Reading the records below, find how many lines include the word "edge" and give that number alone.

*** Material for this task Section Begins ***

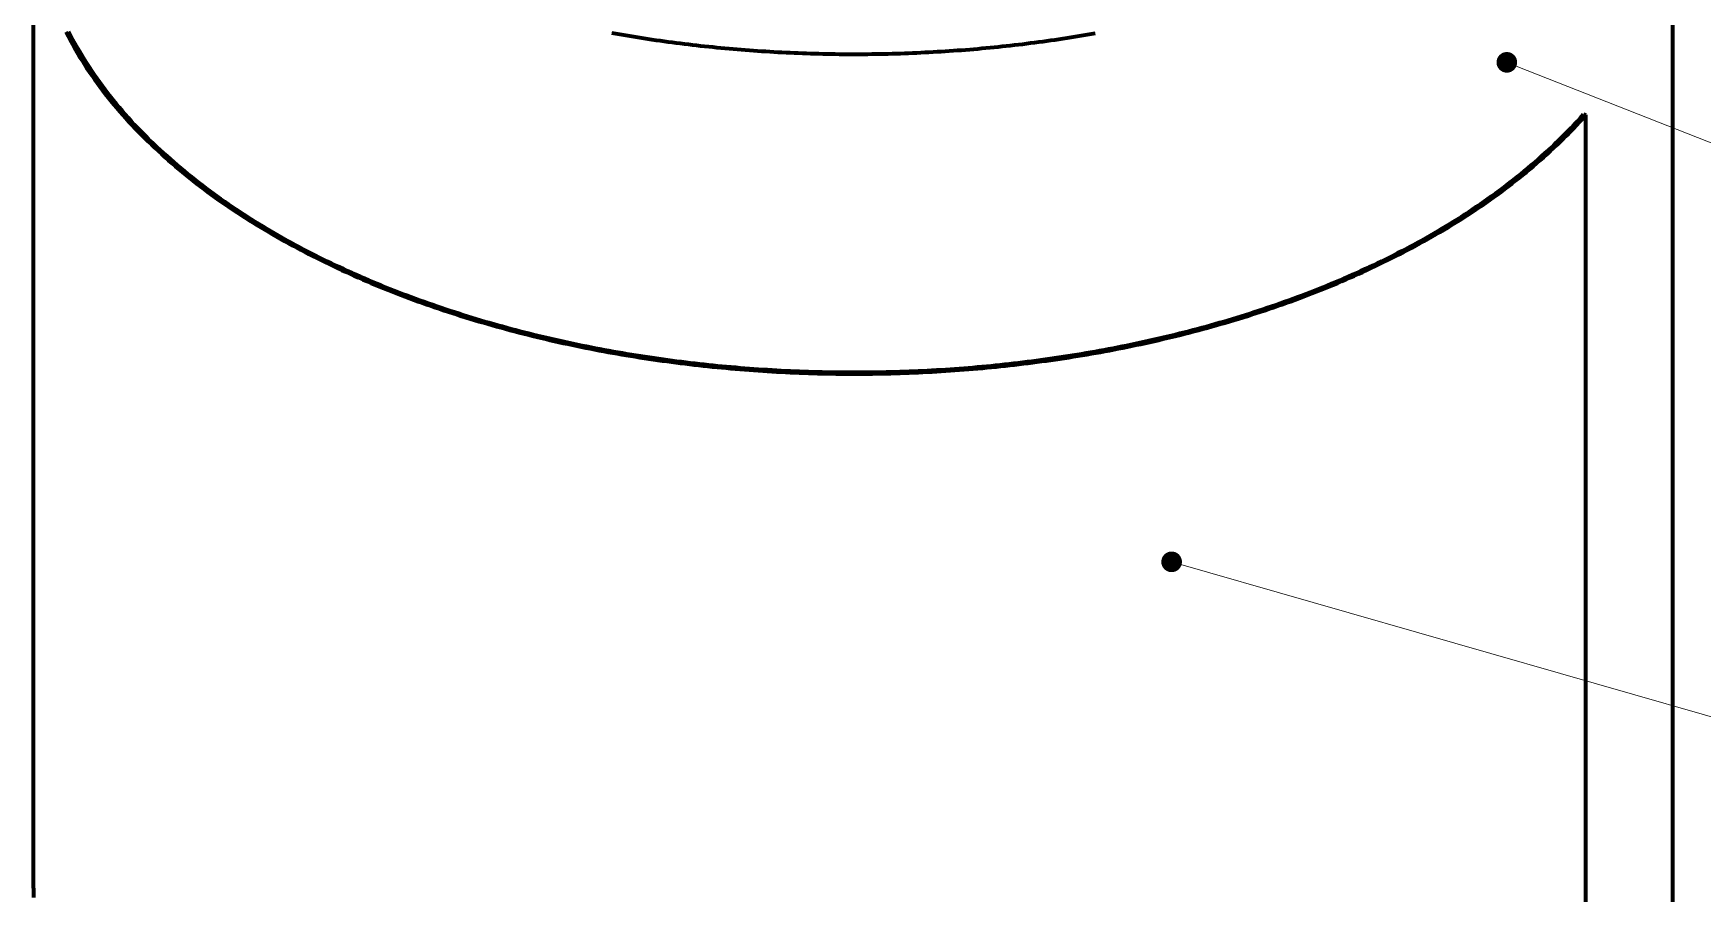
# Model space of a CAD drawing. Header units: millimetres. Extents: x 0 to 594, y 0 to 420.
# Drawn here: x 204.7 to 301.6, y 133.1 to 183 of the extents above; entities that cross this region are included whole.
import ezdxf

# ---------------------------------------------------------------- set-up
doc = ezdxf.new("R2010")
doc.units = ezdxf.units.MM
doc.layers.add('01-VISIBLE', color=7, linetype='CONTINUOUS', lineweight=70)
doc.layers.add('08-FINA', color=5, linetype='CONTINUOUS', lineweight=18)

msp = doc.modelspace()

# ---------------------------------------------------------------- hatches: boundary and pattern name
at = {"layer": '08-FINA'}
h = msp.add_hatch(color=7, dxfattribs=at)
h.dxf.hatch_style = 1
edge = h.paths.add_edge_path()
edge.add_arc((290.223, 181.358), 0.6, 0, 360)
h = msp.add_hatch(color=7, dxfattribs=at)
h.dxf.hatch_style = 1
edge = h.paths.add_edge_path()
edge.add_arc((270.767, 152.371), 0.6, 0, 360)

# ---------------------------------------------------------------- linework, layer by layer
at = {"layer": '01-VISIBLE'}
for p, q in [((299.849, 90.461), (299.849, 209.261)), ((204.699, 133.424), (204.699, 190.793)), ((294.672, 178.343), (294.805, 178.304)), ((294.805, 120.934), (294.805, 178.304))]:
    msp.add_line(p, q, dxfattribs=at)
for points in [[(206.591, 183.119), (206.712, 182.882), (206.836, 182.647), (206.963, 182.414), (207.093, 182.182), (207.227, 181.952), (207.363, 181.723), (207.502, 181.497), (207.644, 181.272), (207.788, 181.049), (207.935, 180.827), (208.085, 180.608), (208.238, 180.39), (208.392, 180.173), (208.55, 179.959), (208.709, 179.746), (208.871, 179.535), (209.036, 179.326), (209.202, 179.119), (209.371, 178.913), (209.541, 178.71), (209.714, 178.508), (209.889, 178.307), (210.066, 178.109), (210.245, 177.912), (210.426, 177.717), (210.608, 177.524), (210.793, 177.332), (210.979, 177.142), (211.167, 176.954), (211.356, 176.768), (211.548, 176.583), (211.741, 176.4), (211.935, 176.219), (212.131, 176.039), (212.329, 175.861), (212.528, 175.685), (212.728, 175.51), (212.93, 175.337), (213.133, 175.166), (213.338, 174.996), (213.544, 174.828), (213.751, 174.661), (213.96, 174.496), (214.169, 174.333), (214.38, 174.171), (214.593, 174.011), (214.806, 173.852), (215.02, 173.695), (215.236, 173.539), (215.452, 173.385), (215.67, 173.232), (215.889, 173.081), (216.109, 172.931), (216.329, 172.783), (216.551, 172.636), (216.774, 172.491), (216.997, 172.347), (217.222, 172.205), (217.447, 172.064), (217.674, 171.924), (217.901, 171.786), (218.129, 171.649), (218.358, 171.514), (218.587, 171.38), (218.818, 171.247), (219.049, 171.116), (219.281, 170.986), (219.514, 170.857), (219.747, 170.73), (219.981, 170.604), (220.216, 170.479), (220.452, 170.356), (220.688, 170.234), (220.925, 170.113), (221.162, 169.993), (221.4, 169.875), (221.639, 169.758), (221.879, 169.642), (222.119, 169.528), (222.359, 169.415), (222.6, 169.303), (222.842, 169.192), (223.084, 169.082), (223.327, 168.974), (223.57, 168.867), (223.814, 168.761), (224.059, 168.656), (224.304, 168.552), (224.549, 168.45), (224.795, 168.349), (225.041, 168.248), (225.288, 168.149), (225.535, 168.052), (225.783, 167.955), (226.031, 167.859), (226.28, 167.765), (226.529, 167.672), (226.778, 167.579), (227.028, 167.488), (227.278, 167.398), (227.529, 167.309), (227.78, 167.222), (228.031, 167.135), (228.283, 167.049), (228.535, 166.965), (228.787, 166.881), (229.04, 166.799), (229.293, 166.717), (229.547, 166.637), (229.8, 166.558), (230.055, 166.48), (230.309, 166.402), (230.564, 166.326), (230.819, 166.251), (231.074, 166.177), (231.33, 166.104), (231.586, 166.032), (231.842, 165.961), (232.098, 165.891), (232.355, 165.821), (232.612, 165.753), (232.87, 165.686), (233.127, 165.62), (233.385, 165.555), (233.643, 165.491), (233.901, 165.428), (234.16, 165.366), (234.419, 165.305), (234.678, 165.244), (234.937, 165.185), (235.196, 165.127), (235.456, 165.069), (235.716, 165.013), (235.976, 164.958), (236.236, 164.903), (236.496, 164.85), (236.757, 164.797), (237.018, 164.745), (237.279, 164.695), (237.54, 164.645), (237.802, 164.596), (238.063, 164.548), (238.325, 164.501), (238.587, 164.455), (238.849, 164.41), (239.111, 164.366), (239.373, 164.322), (239.636, 164.28), (239.898, 164.238), (240.161, 164.198), (240.424, 164.158), (240.687, 164.119), (240.95, 164.081), (241.214, 164.044), (241.477, 164.008), (241.741, 163.973), (242.004, 163.939), (242.268, 163.905), (242.532, 163.873), (242.796, 163.841), (243.06, 163.81), (243.324, 163.78), (243.589, 163.751), (243.853, 163.723), (244.117, 163.696), (244.382, 163.67), (244.647, 163.644), (244.912, 163.62), (245.176, 163.596), (245.441, 163.573), (245.706, 163.551), (245.971, 163.53), (246.236, 163.51), (246.502, 163.49), (246.767, 163.472), (247.032, 163.454), (247.298, 163.438), (247.563, 163.422), (247.828, 163.407), (248.094, 163.392), (248.36, 163.379), (248.625, 163.367), (248.891, 163.355), (249.156, 163.344), (249.422, 163.334), (249.688, 163.325), (249.954, 163.317), (250.22, 163.31), (250.485, 163.304), (250.751, 163.298), (251.017, 163.293), (251.283, 163.289), (251.549, 163.286), (251.815, 163.284), (252.081, 163.283), (252.346, 163.283), (252.612, 163.283), (252.878, 163.284), (253.144, 163.286), (253.41, 163.289), (253.676, 163.293), (253.942, 163.298), (254.208, 163.303), (254.473, 163.31), (254.739, 163.317), (255.005, 163.325), (255.271, 163.334), (255.536, 163.344), (255.802, 163.355), (256.068, 163.366), (256.333, 163.379), (256.599, 163.392), (256.864, 163.406), (257.13, 163.421), (257.395, 163.437), (257.661, 163.454), (257.926, 163.472), (258.191, 163.49), (258.457, 163.509), (258.722, 163.53), (258.987, 163.551), (259.252, 163.573), (259.517, 163.596), (259.781, 163.619), (260.046, 163.644), (260.311, 163.669), (260.575, 163.696), (260.84, 163.723), (261.104, 163.751), (261.369, 163.78), (261.633, 163.81), (261.897, 163.841), (262.161, 163.872), (262.425, 163.905), (262.689, 163.938), (262.952, 163.972), (263.216, 164.008), (263.479, 164.044), (263.743, 164.081), (264.006, 164.118), (264.269, 164.157), (264.532, 164.197), (264.795, 164.238), (265.057, 164.279), (265.32, 164.321), (265.582, 164.365), (265.844, 164.409), (266.106, 164.454), (266.368, 164.5), (266.63, 164.547), (266.892, 164.595), (267.153, 164.644), (267.414, 164.694), (267.675, 164.744), (267.936, 164.796), (268.197, 164.849), (268.457, 164.902), (268.717, 164.957), (268.977, 165.012), (269.237, 165.068), (269.497, 165.126), (269.756, 165.184), (270.016, 165.243), (270.275, 165.303), (270.533, 165.365), (270.792, 165.427), (271.05, 165.49), (271.308, 165.554), (271.566, 165.619), (271.824, 165.685), (272.081, 165.752), (272.338, 165.82), (272.595, 165.889), (272.851, 165.959), (273.107, 166.03), (273.363, 166.102), (273.619, 166.176), (273.874, 166.25), (274.129, 166.325), (274.384, 166.401), (274.639, 166.478), (274.893, 166.556), (275.147, 166.636), (275.4, 166.716), (275.653, 166.797), (275.906, 166.88), (276.158, 166.963), (276.411, 167.048), (276.662, 167.133), (276.914, 167.22), (277.165, 167.308), (277.415, 167.397), (277.665, 167.487), (277.915, 167.578), (278.165, 167.67), (278.414, 167.763), (278.662, 167.858), (278.91, 167.953), (279.158, 168.05), (279.405, 168.148), (279.652, 168.247), (279.898, 168.347), (280.144, 168.448), (280.39, 168.55), (280.635, 168.654), (280.879, 168.759), (281.123, 168.865), (281.366, 168.972), (281.609, 169.08), (281.851, 169.19), (282.093, 169.301), (282.334, 169.413), (282.575, 169.526), (282.815, 169.64), (283.054, 169.756), (283.293, 169.873), (283.531, 169.991), (283.769, 170.111), (284.006, 170.231), (284.242, 170.353), (284.477, 170.477), (284.712, 170.601), (284.946, 170.727), (285.18, 170.855), (285.413, 170.983), (285.645, 171.113), (285.876, 171.244), (286.106, 171.377), (286.336, 171.511), (286.565, 171.647), (286.793, 171.783), (287.02, 171.921), (287.246, 172.061), (287.472, 172.202), (287.696, 172.344), (287.92, 172.488), (288.143, 172.634), (288.364, 172.78), (288.585, 172.928), (288.805, 173.078), (289.024, 173.229), (289.241, 173.382), (289.458, 173.536), (289.674, 173.692), (289.888, 173.849), (290.101, 174.008), (290.314, 174.168), (290.525, 174.33), (290.734, 174.493), (290.943, 174.658), (291.15, 174.825), (291.356, 174.993), (291.561, 175.163), (291.764, 175.334), (291.966, 175.507), (292.166, 175.682), (292.366, 175.858), (292.563, 176.036), (292.759, 176.215), (292.954, 176.397), (293.147, 176.58), (293.338, 176.764), (293.528, 176.951), (293.716, 177.139), (293.902, 177.329), (294.086, 177.52), (294.269, 177.713), (294.45, 177.908), (294.628, 178.105), (294.805, 178.304)], [(206.735, 183.143), (206.855, 182.907), (206.979, 182.673), (207.106, 182.44), (207.236, 182.209), (207.369, 181.98), (207.505, 181.752), (207.643, 181.526), (207.785, 181.302), (207.929, 181.079), (208.075, 180.859), (208.225, 180.64), (208.376, 180.422), (208.531, 180.207), (208.688, 179.993), (208.847, 179.781), (209.008, 179.571), (209.172, 179.362), (209.338, 179.156), (209.506, 178.951), (209.676, 178.748), (209.849, 178.546), (210.023, 178.347), (210.199, 178.149), (210.377, 177.953), (210.558, 177.758), (210.74, 177.566), (210.924, 177.375), (211.109, 177.185), (211.296, 176.998), (211.485, 176.812), (211.676, 176.628), (211.868, 176.445), (212.062, 176.265), (212.258, 176.086), (212.455, 175.908), (212.653, 175.732), (212.853, 175.558), (213.054, 175.386), (213.257, 175.215), (213.461, 175.046), (213.666, 174.878), (213.873, 174.712), (214.08, 174.548), (214.29, 174.385), (214.5, 174.223), (214.711, 174.063), (214.924, 173.905), (215.138, 173.748), (215.353, 173.593), (215.569, 173.44), (215.786, 173.287), (216.004, 173.137), (216.223, 172.987), (216.443, 172.84), (216.664, 172.693), (216.886, 172.549), (217.109, 172.405), (217.333, 172.263), (217.557, 172.123), (217.783, 171.983), (218.009, 171.846), (218.237, 171.709), (218.465, 171.574), (218.694, 171.441), (218.923, 171.308), (219.154, 171.178), (219.385, 171.048), (219.617, 170.92), (219.85, 170.793), (220.083, 170.667), (220.317, 170.543), (220.552, 170.42), (220.788, 170.298), (221.024, 170.178), (221.26, 170.059), (221.498, 169.941), (221.736, 169.824), (221.975, 169.709), (222.214, 169.595), (222.454, 169.482), (222.694, 169.37), (222.935, 169.26), (223.176, 169.151), (223.419, 169.043), (223.661, 168.936), (223.904, 168.83), (224.148, 168.726), (224.392, 168.622), (224.636, 168.52), (224.882, 168.419), (225.127, 168.319), (225.373, 168.221), (225.62, 168.123), (225.867, 168.027), (226.114, 167.932), (226.362, 167.837), (226.61, 167.744), (226.858, 167.653), (227.107, 167.562), (227.357, 167.472), (227.607, 167.383), (227.857, 167.296), (228.107, 167.209), (228.358, 167.124), (228.61, 167.04), (228.861, 166.956), (229.113, 166.874), (229.366, 166.793), (229.618, 166.713), (229.871, 166.634), (230.125, 166.556), (230.378, 166.479), (230.632, 166.403), (230.887, 166.328), (231.141, 166.254), (231.396, 166.181), (231.651, 166.11), (231.906, 166.039), (232.162, 165.969), (232.418, 165.9), (232.674, 165.832), (232.931, 165.765), (233.188, 165.7), (233.445, 165.635), (233.702, 165.571), (233.959, 165.508), (234.217, 165.446), (234.475, 165.385), (234.733, 165.325), (234.992, 165.266), (235.25, 165.208), (235.509, 165.15), (235.768, 165.094), (236.027, 165.039), (236.287, 164.985), (236.546, 164.931), (236.806, 164.879), (237.066, 164.827), (237.326, 164.777), (237.587, 164.727), (237.847, 164.678), (238.108, 164.631), (238.369, 164.584), (238.63, 164.538), (238.891, 164.493), (239.153, 164.449), (239.414, 164.406), (239.676, 164.363), (239.938, 164.322), (240.199, 164.281), (240.462, 164.242), (240.724, 164.203), (240.986, 164.165), (241.249, 164.129), (241.511, 164.093), (241.774, 164.057), (242.037, 164.023), (242.3, 163.99), (242.563, 163.957), (242.826, 163.926), (243.089, 163.895), (243.353, 163.866), (243.616, 163.837), (243.88, 163.809), (244.143, 163.781), (244.407, 163.755), (244.671, 163.73), (244.935, 163.705), (245.199, 163.682), (245.463, 163.659), (245.727, 163.637), (245.991, 163.616), (246.256, 163.596), (246.52, 163.576), (246.784, 163.558), (247.049, 163.54), (247.313, 163.524), (247.578, 163.508), (247.843, 163.493), (248.107, 163.479), (248.372, 163.465), (248.637, 163.453), (248.902, 163.441), (249.167, 163.431), (249.431, 163.421), (249.696, 163.412), (249.961, 163.404), (250.226, 163.397), (250.491, 163.39), (250.756, 163.385), (251.021, 163.38), (251.286, 163.376), (251.551, 163.373), (251.816, 163.371), (252.081, 163.37), (252.346, 163.369), (252.612, 163.37), (252.877, 163.371), (253.142, 163.373), (253.407, 163.376), (253.672, 163.38), (253.937, 163.384), (254.202, 163.39), (254.467, 163.396), (254.732, 163.404), (254.997, 163.412), (255.262, 163.421), (255.526, 163.431), (255.791, 163.441), (256.056, 163.453), (256.321, 163.465), (256.586, 163.478), (256.85, 163.493), (257.115, 163.508), (257.379, 163.523), (257.644, 163.54), (257.909, 163.558), (258.173, 163.576), (258.437, 163.595), (258.702, 163.616), (258.966, 163.637), (259.23, 163.658), (259.494, 163.681), (259.758, 163.705), (260.022, 163.729), (260.286, 163.755), (260.55, 163.781), (260.813, 163.808), (261.077, 163.836), (261.34, 163.865), (261.604, 163.895), (261.867, 163.925), (262.13, 163.957), (262.393, 163.989), (262.656, 164.023), (262.919, 164.057), (263.182, 164.092), (263.444, 164.128), (263.707, 164.165), (263.969, 164.202), (264.231, 164.241), (264.494, 164.281), (264.755, 164.321), (265.017, 164.362), (265.279, 164.405), (265.54, 164.448), (265.802, 164.492), (266.063, 164.537), (266.324, 164.583), (266.585, 164.63), (266.846, 164.678), (267.106, 164.726), (267.367, 164.776), (267.627, 164.826), (267.887, 164.878), (268.147, 164.93), (268.406, 164.984), (268.666, 165.038), (268.925, 165.093), (269.184, 165.149), (269.443, 165.207), (269.702, 165.265), (269.96, 165.324), (270.218, 165.384), (270.476, 165.445), (270.734, 165.507), (270.991, 165.57), (271.248, 165.633), (271.505, 165.698), (271.762, 165.764), (272.019, 165.831), (272.275, 165.899), (272.531, 165.968), (272.787, 166.037), (273.042, 166.108), (273.297, 166.18), (273.552, 166.253), (273.807, 166.327), (274.061, 166.402), (274.315, 166.478), (274.568, 166.555), (274.822, 166.633), (275.075, 166.712), (275.328, 166.792), (275.58, 166.873), (275.832, 166.955), (276.084, 167.038), (276.335, 167.122), (276.586, 167.208), (276.836, 167.294), (277.087, 167.382), (277.336, 167.47), (277.586, 167.56), (277.835, 167.651), (278.083, 167.743), (278.332, 167.836), (278.579, 167.93), (278.827, 168.025), (279.074, 168.121), (279.32, 168.219), (279.566, 168.318), (279.812, 168.417), (280.057, 168.518), (280.301, 168.62), (280.546, 168.724), (280.789, 168.828), (281.032, 168.934), (281.275, 169.041), (281.517, 169.149), (281.758, 169.258), (281.999, 169.368), (282.24, 169.48), (282.48, 169.593), (282.719, 169.707), (282.958, 169.822), (283.196, 169.939), (283.433, 170.057), (283.67, 170.176), (283.906, 170.296), (284.141, 170.418), (284.376, 170.541), (284.61, 170.665), (284.844, 170.791), (285.077, 170.917), (285.309, 171.046), (285.54, 171.175), (285.77, 171.306), (286, 171.438), (286.229, 171.572), (286.457, 171.707), (286.684, 171.843), (286.911, 171.981), (287.136, 172.12), (287.361, 172.261), (287.585, 172.402), (287.808, 172.546), (288.03, 172.691), (288.251, 172.837), (288.471, 172.985), (288.69, 173.134), (288.908, 173.285), (289.125, 173.437), (289.341, 173.59), (289.556, 173.746), (289.77, 173.902), (289.983, 174.06), (290.194, 174.22), (290.404, 174.382), (290.614, 174.544), (290.821, 174.709), (291.028, 174.875), (291.233, 175.043), (291.437, 175.212), (291.64, 175.383), (291.841, 175.555), (292.041, 175.729), (292.24, 175.905), (292.437, 176.082), (292.632, 176.261), (292.826, 176.442), (293.018, 176.625), (293.209, 176.809), (293.398, 176.994), (293.585, 177.182), (293.771, 177.371), (293.955, 177.562), (294.137, 177.755), (294.317, 177.949), (294.495, 178.145), (294.672, 178.343)], [(238.265, 183.07), (238.498, 183.029), (238.732, 182.988), (238.965, 182.948), (239.199, 182.909), (239.433, 182.87), (239.667, 182.832), (239.901, 182.795), (240.136, 182.759), (240.37, 182.723), (240.604, 182.688), (240.839, 182.654), (241.074, 182.621), (241.308, 182.588), (241.543, 182.556), (241.778, 182.525), (242.013, 182.494), (242.248, 182.464), (242.484, 182.435), (242.719, 182.406), (242.954, 182.379), (243.19, 182.352), (243.425, 182.325), (243.661, 182.3), (243.897, 182.275), (244.133, 182.25), (244.369, 182.227), (244.604, 182.204), (244.84, 182.182), (245.077, 182.16), (245.313, 182.14), (245.549, 182.119), (245.785, 182.1), (246.021, 182.081), (246.258, 182.063), (246.494, 182.046), (246.731, 182.029), (246.967, 182.014), (247.204, 181.998), (247.44, 181.984), (247.677, 181.97), (247.914, 181.957), (248.15, 181.944), (248.387, 181.933), (248.624, 181.921), (248.861, 181.911), (249.098, 181.901), (249.334, 181.892), (249.571, 181.884), (249.808, 181.876), (250.045, 181.869), (250.282, 181.863), (250.519, 181.857), (250.756, 181.852), (250.993, 181.848), (251.23, 181.845), (251.467, 181.842), (251.704, 181.839), (251.941, 181.838), (252.178, 181.837), (252.415, 181.837), (252.652, 181.838), (252.889, 181.839), (253.127, 181.841), (253.364, 181.843), (253.601, 181.846), (253.838, 181.85), (254.075, 181.855), (254.312, 181.86), (254.549, 181.866), (254.785, 181.873), (255.022, 181.88), (255.259, 181.888), (255.496, 181.897), (255.733, 181.907), (255.97, 181.917), (256.207, 181.928), (256.443, 181.939), (256.68, 181.951), (256.917, 181.964), (257.154, 181.978), (257.39, 181.992), (257.627, 182.007), (257.863, 182.022), (258.1, 182.039), (258.336, 182.056), (258.573, 182.073), (258.809, 182.092), (259.045, 182.111), (259.281, 182.131), (259.518, 182.151), (259.754, 182.172), (259.99, 182.194), (260.226, 182.217), (260.462, 182.24), (260.697, 182.264), (260.933, 182.289), (261.169, 182.314), (261.404, 182.34), (261.64, 182.367), (261.875, 182.394), (262.111, 182.422), (262.346, 182.451), (262.581, 182.481), (262.816, 182.511), (263.051, 182.542), (263.286, 182.574), (263.521, 182.606), (263.756, 182.639), (263.99, 182.673), (264.225, 182.708), (264.459, 182.743), (264.694, 182.779), (264.928, 182.816), (265.162, 182.854), (265.396, 182.892), (265.63, 182.931), (265.863, 182.97), (266.097, 183.011), (266.33, 183.052)], [(204.699, 133.424), (204.701, 133.158), (204.708, 132.892)]]:
    msp.add_lwpolyline(points, dxfattribs=at)
at = {"layer": '08-FINA'}
for p, q in [((369.814, 149.957), (290.223, 181.358)), ((369.675, 123.962), (270.767, 152.371))]:
    msp.add_line(p, q, dxfattribs=at)

doc.saveas('drawing.dxf')

*** Material for this task Section Ends ***

» **Exercise output**
4